Saved entries
- - - - -

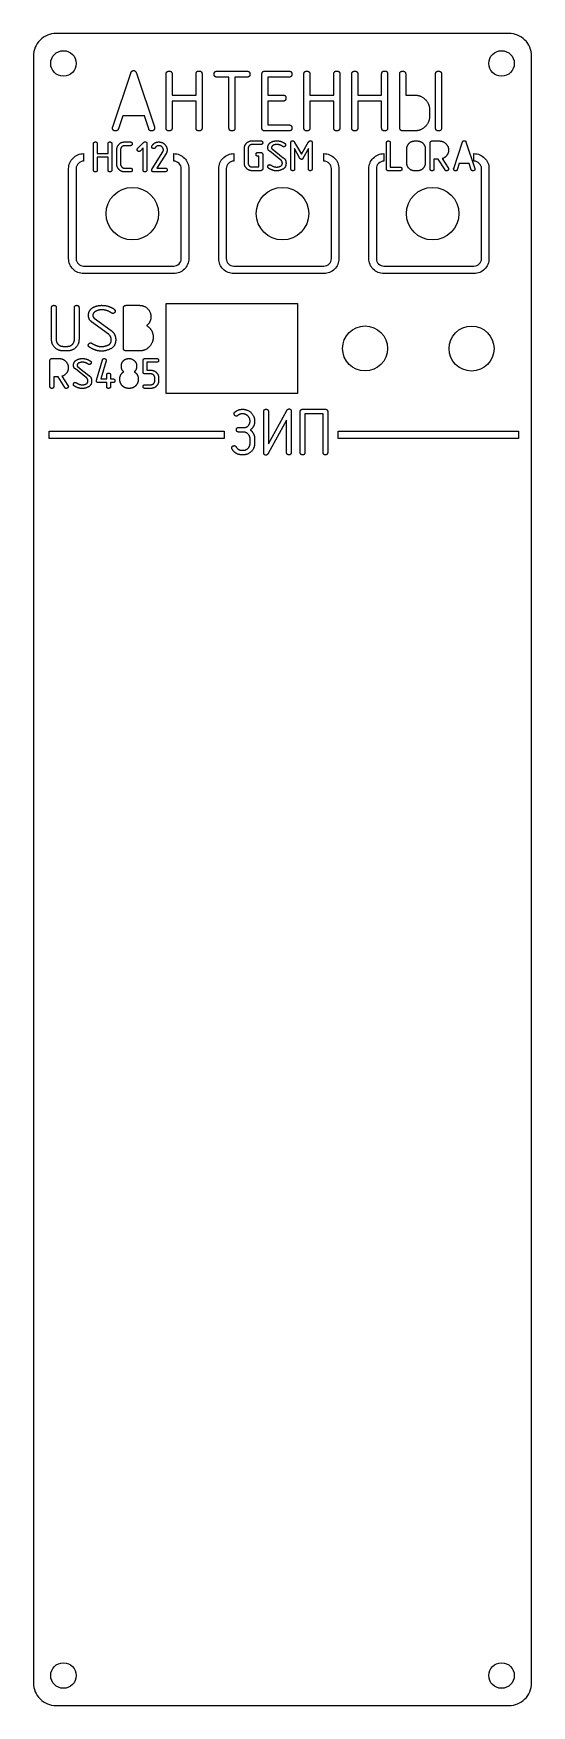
# Model space of a CAD drawing. Header units: millimetres. Extents: x -33 to 33, y -112 to 112.
import ezdxf

# ---------------------------------------------------------------- set-up
doc = ezdxf.new("R2010")
doc.units = ezdxf.units.MM

msp = doc.modelspace()

# ---------------------------------------------------------------- linework, layer by layer
for p, q in [((-22.61, 99.03), (-20.21, 106.21)), ((-19.47, 106.21), (-17.07, 99.03)), ((-15.51, 98.9), (-15.51, 106.07)), ((-10.72, 106.09), (-10.72, 98.91)), ((-8.72, 106.47), (-4.73, 106.47)), ((-2.74, 98.87), (-2.74, 106.07)), ((-2.34, 106.47), (0.86, 106.47)), ((2.85, 98.9), (2.85, 106.07)), ((7.63, 106.09), (7.63, 98.91)), ((9.23, 98.9), (9.23, 106.07)), ((14.01, 106.09), (14.01, 98.91)), ((15.61, 98.9), (15.61, 106.07)), ((20.39, 98.9), (20.39, 106.07)), ((21.19, 106.07), (21.19, 98.9)), ((19.59, 101.29), (19.59, 100.49)), ((0.86, 98.5), (-2.34, 98.5)), ((17.6, 98.5), (16.01, 98.5)), ((-25.18, 93.29), (-25.18, 96.78)), ((-22.74, 96.78), (-22.74, 93.3)), ((-22.07, 94.07), (-22.07, 96)), ((-21.57, 96), (-21.57, 94.06)), ((-21.05, 97.03), (-20.27, 97.03)), ((-20.27, 96.53), (-21.05, 96.53)), ((-19.29, 96.18), (-18.51, 96.95)), ((-18.08, 96.78), (-18.08, 93.29)), ((-5.08, 94.22), (-5.08, 96.16)), ((-4.58, 96.16), (-4.58, 94.22)), ((-4.06, 97.18), (-2.9, 97.18)), ((-2.9, 96.68), (-4.06, 96.68)), ((-1.38, 96.09), (0.08, 94.93)), ((1.12, 93.45), (1.12, 96.91)), ((3.95, 96.91), (3.95, 93.45)), ((13.86, 93.43), (13.86, 96.91)), ((16.57, 94.2), (16.57, 96.14)), ((17.6, 97.16), (17.98, 97.16)), ((19.01, 96.14), (19.01, 94.2)), ((19.67, 93.43), (19.67, 96.91)), ((19.92, 97.16), (20.89, 97.16)), ((22.81, 93.51), (23.99, 97.03)), ((24.44, 97.04), (25.62, 93.51)), ((-17.37, 93.44), (-15.95, 95.7)), ((-3.28, 95.63), (-2.9, 95.63)), ((-2.64, 95.38), (-2.64, 93.45)), ((-0.23, 94.62), (-1.68, 95.79)), ((21.28, 94.8), (22.08, 93.56)), ((-21.05, 93.54), (-20.27, 93.54)), ((-20.27, 93.04), (-21.05, 93.04)), ((-15.62, 93.04), (-17.17, 93.04)), ((-2.9, 93.19), (-4.06, 93.19)), ((15.66, 93.18), (14.11, 93.18)), ((17.98, 93.18), (17.6, 93.18)), ((-30.76, 70.67), (-30.76, 74.93)), ((-30.15, 74.93), (-30.15, 70.68)), ((-27.72, 70.68), (-27.72, 74.93)), ((-27.11, 74.93), (-27.11, 70.67)), ((-21.18, 69.46), (-21.18, 74.93)), ((-20.87, 75.24), (-19.05, 75.24)), ((-23.17, 71.38), (-25.43, 73.05)), ((-25.09, 73.54), (-22.83, 71.88)), ((-29.24, 69.77), (-28.63, 69.77)), ((-28.63, 69.16), (-29.24, 69.16)), ((-19.05, 69.16), (-20.87, 69.16)), ((-30.98, 64.41), (-30.98, 67.89)), ((-30.73, 68.14), (-29.76, 68.14)), ((-27.27, 67.05), (-25.81, 65.89)), ((-24.76, 65.26), (-23.99, 67.96)), ((-18.57, 66.34), (-18.57, 67.89)), ((-18.32, 68.14), (-16.77, 68.14)), ((-29.38, 65.78), (-28.58, 64.54)), ((-26.13, 65.59), (-27.58, 66.75)), ((-17.54, 66.09), (-18.32, 66.09)), ((-17.01, 65.18), (-17.01, 65.57)), ((-16.51, 65.57), (-16.51, 65.18)), ((-18.32, 64.65), (-17.54, 64.65)), ((-17.54, 64.16), (-18.32, 64.16)), ((-2.49, 55.61), (-2.49, 61.08)), ((1.16, 61.08), (1.16, 55.61)), ((2.37, 55.61), (2.37, 61.08)), ((2.68, 61.38), (5.72, 61.38)), ((6.02, 61.08), (6.02, 55.61)), ((-5.84, 58.95), (-4.96, 58.95)), ((-5.23, 58.34), (-5.84, 58.34)), ((-5.39, 55.91), (-5.23, 55.91)), ((-4.32, 56.82), (-4.32, 57.43)), ((-3.71, 57.43), (-3.71, 56.82)), ((-5.23, 55.3), (-5.39, 55.3))]:
    msp.add_line(p, q)
for points in [[(-33.18, 108.5), (-33.18, -108.5, 0.414214), (-30.18, -111.5), (30.17, -111.5, 0.414214), (33.18, -108.5), (33.18, 108.5, 0.414214), (30.17, 111.5), (-30.18, 111.5, 0.414214)], [(-26.49, 95.47), (-26.49, 94.47, 0.414214), (-27.49, 93.47), (-27.49, 81.47, 0.414214), (-26.49, 80.47), (-14.49, 80.47, 0.414214), (-13.49, 81.47), (-13.49, 93.47, 0.414214), (-14.49, 94.47), (-14.49, 95.47, -0.414214), (-12.49, 93.47), (-12.49, 81.47, -0.414214), (-14.49, 79.47), (-26.49, 79.47, -0.414214), (-28.49, 81.47), (-28.49, 93.47, -0.414214)], [(-6.49, 79.47, -0.414214), (-8.49, 81.47), (-8.49, 93.47, -0.414214), (-6.49, 95.47), (-6.49, 94.47, 0.414214), (-7.49, 93.47), (-7.49, 81.47, 0.414214), (-6.49, 80.47), (5.51, 80.47, 0.414214), (6.51, 81.47), (6.51, 93.47, 0.414214), (5.51, 94.47), (5.51, 95.47, -0.414214), (7.51, 93.47), (7.51, 81.47, -0.414214), (5.51, 79.47)], [(26.51, 93.47, 0.414214), (25.51, 94.47), (25.51, 95.47, -0.414214), (27.51, 93.47), (27.51, 81.47, -0.414214), (25.51, 79.47), (13.51, 79.47, -0.414214), (11.51, 81.47), (11.51, 93.47, -0.414214), (13.51, 95.47), (13.51, 94.47, 0.414214), (12.51, 93.47), (12.51, 81.47, 0.414214), (13.51, 80.47), (25.51, 80.47, 0.414214), (26.51, 81.47)]]:
    msp.add_lwpolyline(points, format="xyb", close=True)
for points in [[(-14.71, 106.07), (-14.71, 103.28), (-11.52, 103.28), (-11.52, 106.09)], [(-7.13, 98.9), (-7.13, 105.67), (-8.72, 105.67)], [(-4.73, 105.67), (-6.33, 105.67), (-6.33, 98.9)], [(0.86, 105.67), (-1.94, 105.67), (-1.94, 103.28), (0.07, 103.28)], [(3.65, 106.07), (3.65, 103.28), (6.83, 103.28), (6.83, 106.09)], [(10.03, 106.07), (10.03, 103.28), (13.21, 103.28), (13.21, 106.09)], [(16.41, 106.07), (16.41, 103.28), (17.6, 103.28)], [(-17.82, 98.78), (-18.4, 100.5), (-21.29, 100.5), (-21.87, 98.78)], [(-11.52, 98.9), (-11.52, 102.48), (-14.71, 102.48), (-14.71, 98.9)], [(0.07, 102.48), (-1.94, 102.48), (-1.94, 99.3), (0.86, 99.3)], [(6.83, 98.9), (6.83, 102.48), (3.65, 102.48), (3.65, 98.9)], [(13.21, 98.9), (13.21, 102.48), (10.03, 102.48), (10.03, 98.9)], [(-24.68, 96.78), (-24.68, 95.48), (-23.24, 95.48), (-23.24, 96.78)], [(-18.58, 93.29), (-18.58, 96.26), (-18.93, 95.83)], [(1.6, 96.96), (2.54, 95.41), (3.48, 97.04)], [(2.32, 94.84), (1.62, 96.15), (1.62, 93.45)], [(3.45, 93.45), (3.45, 96.15), (2.73, 94.81)], [(14.36, 96.91), (14.36, 93.68), (15.66, 93.68)], [(-23.24, 93.29), (-23.24, 94.98), (-24.68, 94.98), (-24.68, 93.29)], [(-15.51, 95.48), (-16.76, 93.54), (-15.62, 93.54)], [(-4.06, 93.69), (-3.14, 93.69), (-3.14, 95.13), (-3.28, 95.13)], [(21.65, 93.29), (20.75, 94.73), (20.17, 94.73), (20.17, 93.43)], [(25.15, 93.32), (24.88, 94.15), (23.55, 94.15), (23.28, 93.32)], [(-23.5, 67.84), (-24.21, 65.43), (-23.42, 65.43), (-23.42, 65.95)], [(-16.77, 67.64), (-18.07, 67.64), (-18.07, 66.59), (-17.54, 66.59)], [(-29, 64.27), (-29.9, 65.71), (-30.48, 65.71), (-30.48, 64.41)], [(-23.42, 64.41), (-23.42, 64.93), (-24.52, 64.93)], [(-22.92, 65.95), (-22.92, 65.43), (-22.59, 65.43)], [(-22.59, 64.93), (-22.92, 64.93), (-22.92, 64.41)], [(-1.88, 61.08), (-1.88, 56.78), (0.58, 61.23)], [(5.41, 55.61), (5.41, 60.77), (2.98, 60.77), (2.98, 55.61)], [(0.55, 55.61), (0.55, 59.91), (-1.92, 55.47)]]:
    msp.add_lwpolyline(points)
for points in [[(2, 63.47), (-15.5, 63.47), (-15.5, 75.47), (2, 75.47)], [(-7.75, 57.47), (-31.1, 57.47), (-31.1, 58.47), (-7.75, 58.47)], [(7.4, 57.47), (7.4, 58.47), (31.43, 58.47), (31.43, 57.47)]]:
    msp.add_lwpolyline(points, close=True)
for centre, radius in [((-29.18, 107.5), 1.7), ((29.18, 107.5), 1.7), ((-20, 87.47), 3.5), ((0, 87.47), 3.5), ((20, 87.47), 3.5), ((11, 69.49), 3), ((25.19, 69.47), 3), ((-29.18, -107.5), 1.7), ((29.18, -107.5), 1.7)]:
    msp.add_circle(centre, radius)
for points in [[(-20.21, 106.21), (-20.1, 106.55), (-19.84, 106.55)], [(-19.84, 106.55), (-19.58, 106.55), (-19.47, 106.21)], [(-15.51, 106.07), (-15.51, 106.47), (-15.11, 106.47)], [(-15.11, 106.47), (-14.71, 106.47), (-14.71, 106.07)], [(-11.52, 106.09), (-11.52, 106.49), (-11.12, 106.49)], [(-11.12, 106.49), (-10.72, 106.49), (-10.72, 106.09)], [(-9.12, 106.07), (-9.12, 106.47), (-8.72, 106.47)], [(-8.72, 105.67), (-9.12, 105.67), (-9.12, 106.07)], [(-4.73, 106.47), (-4.33, 106.47), (-4.33, 106.07)], [(-4.33, 106.07), (-4.33, 105.67), (-4.73, 105.67)], [(-2.74, 106.07), (-2.74, 106.47), (-2.34, 106.47)], [(0.86, 106.47), (1.26, 106.47), (1.26, 106.07)], [(1.26, 106.07), (1.26, 105.67), (0.86, 105.67)], [(2.85, 106.07), (2.85, 106.47), (3.25, 106.47)], [(3.25, 106.47), (3.65, 106.47), (3.65, 106.07)], [(6.83, 106.09), (6.83, 106.49), (7.23, 106.49)], [(7.23, 106.49), (7.63, 106.49), (7.63, 106.09)], [(9.23, 106.07), (9.23, 106.47), (9.63, 106.47)], [(9.63, 106.47), (10.03, 106.47), (10.03, 106.07)], [(13.21, 106.09), (13.21, 106.49), (13.61, 106.49)], [(13.61, 106.49), (14.01, 106.49), (14.01, 106.09)], [(15.61, 106.07), (15.61, 106.47), (16.01, 106.47)], [(16.01, 106.47), (16.41, 106.47), (16.41, 106.07)], [(20.39, 106.07), (20.39, 106.47), (20.79, 106.47)], [(20.79, 106.47), (21.19, 106.47), (21.19, 106.07)], [(0.07, 103.28), (0.46, 103.28), (0.46, 102.88)], [(0.46, 102.88), (0.46, 102.48), (0.07, 102.48)], [(17.6, 103.28), (18.43, 103.28), (19.59, 102.12), (19.59, 101.29)], [(19.59, 100.49), (19.59, 99.66), (18.43, 98.5), (17.6, 98.5)], [(-22.64, 98.88), (-22.64, 98.96), (-22.61, 99.03)], [(-22.23, 98.5), (-22.64, 98.5), (-22.64, 98.88)], [(-21.87, 98.78), (-21.95, 98.5), (-22.23, 98.5)], [(-17.46, 98.5), (-17.74, 98.5), (-17.82, 98.78)], [(-17.05, 98.88), (-17.05, 98.5), (-17.46, 98.5)], [(-17.07, 99.03), (-17.05, 98.96), (-17.05, 98.88)], [(-15.11, 98.5), (-15.51, 98.5), (-15.51, 98.9)], [(-14.71, 98.9), (-14.71, 98.5), (-15.11, 98.5)], [(-11.13, 98.5), (-11.52, 98.5), (-11.52, 98.9)], [(-10.72, 98.91), (-10.72, 98.5), (-11.13, 98.5)], [(-6.73, 98.5), (-7.13, 98.5), (-7.13, 98.9)], [(-6.33, 98.9), (-6.33, 98.5), (-6.73, 98.5)], [(-2.34, 98.5), (-2.74, 98.5), (-2.74, 98.87)], [(0.86, 99.3), (1.26, 99.3), (1.26, 98.9)], [(1.26, 98.9), (1.26, 98.5), (0.86, 98.5)], [(3.25, 98.5), (2.85, 98.5), (2.85, 98.9)], [(3.65, 98.9), (3.65, 98.5), (3.25, 98.5)], [(7.22, 98.5), (6.83, 98.5), (6.83, 98.9)], [(7.63, 98.91), (7.63, 98.5), (7.22, 98.5)], [(9.63, 98.5), (9.23, 98.5), (9.23, 98.9)], [(10.03, 98.9), (10.03, 98.5), (9.63, 98.5)], [(13.6, 98.5), (13.21, 98.5), (13.21, 98.9)], [(14.01, 98.91), (14.01, 98.5), (13.6, 98.5)], [(16.01, 98.5), (15.85, 98.5), (15.61, 98.74), (15.61, 98.9)], [(20.79, 98.5), (20.39, 98.5), (20.39, 98.9)], [(21.19, 98.9), (21.19, 98.5), (20.79, 98.5)], [(-25.18, 96.78), (-25.18, 97.03), (-24.93, 97.03)], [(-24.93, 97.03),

- - - - -

### EXERCISE REQUIREMENTS
Only the lines from the beginning of the records up to and including the line with "layer by layer" should appear, exactly as they are, and no pictures.

### TASK OUTPUT
# Model space of a CAD drawing. Header units: millimetres. Extents: x -33 to 33, y -112 to 112.
import ezdxf

# ---------------------------------------------------------------- set-up
doc = ezdxf.new("R2010")
doc.units = ezdxf.units.MM

msp = doc.modelspace()

# ---------------------------------------------------------------- linework, layer by layer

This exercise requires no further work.